Tianci Liu, Zihan Dong, Linjun Zhang, Haoyu Wang, jing Gao, Emre Kiciman, Ranveer Chandra, Wei-Ting Chen· July 2, 2026 View original

Summary

This work formulates page-level slide personalization (PSP) as an inverse planning problem, introducing SPIRE, a framework where two agents collaboratively refine executable designs via reinforcement learning. SPIRE learns latent design intents through structural denoising, outperforming existing AI methods in fine-grained slide design.

Current AI agent-based methods for slide design often struggle with fine-grained, page-level personalization, typically relying on predefined templates or verbose user instructions. This limitation prevents them from capturing the subtle, latent design intents crucial for truly personalized slide layouts and themes. To address this, researchers have reframed Page-level Slide Personalization (PSP) as an inverse planning problem, aiming to learn design intent without prior knowledge of specific tools like PowerPoint or Beamer. However, optimizing this end-to-end without tool control is intractable. The proposed solution is SPIRE, a principled framework that approximates PSP. SPIRE works by intentionally corrupting the visual structures of clean slides, creating a verifiable task to "denoise" these corruptions. Two agents then collaboratively refine executable designs using reinforcement learning (RL).
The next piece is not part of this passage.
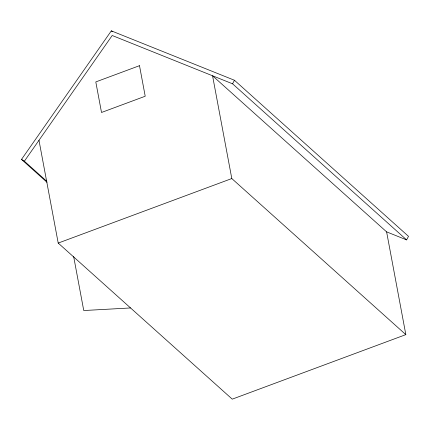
<?xml version="1.0" encoding="UTF-8"?>
<svg xmlns="http://www.w3.org/2000/svg" width="430" height="430" viewBox="0 0 430 430"><rect width="100%" height="100%" fill="white"/><g stroke="black" fill="none" stroke-linecap="round" stroke-linejoin="round"><path stroke-width="0.64" d="M234.457 80.259L408.5 236.339L406.619 239.897L232.576 83.812L234.457 80.259L111.322 30.847L21.5 159.417L47.004 182.288M46.886 181.385L24.381 161.202L112.198 35.502L232.576 83.812M58.211 243.074L231.797 178.552L405.839 334.631L232.254 399.153L58.211 243.074L38.979 140.304M130.559 307.95L83.753 310.535L73.643 256.49M231.797 178.552L212.56 75.782L386.602 231.861L406.619 239.897M21.5 159.417L24.381 161.202M111.322 30.847L112.327 31.745M386.602 231.861L405.839 334.631M139.497 65.677L95.799 81.92L101.518 112.477L145.216 96.234L139.497 65.677"/></g></svg>

The research provides a proof that structural denoising consistently surrogates for PSP and that the multi-agent formulation reduces policy gradient variance in RL, demonstrating SPIRE's superior performance in extensive experiments.

Why it matters

This breakthrough could revolutionize presentation and content creation by enabling AI to generate highly personalized and contextually appropriate slide designs, significantly boosting productivity and design quality for professionals.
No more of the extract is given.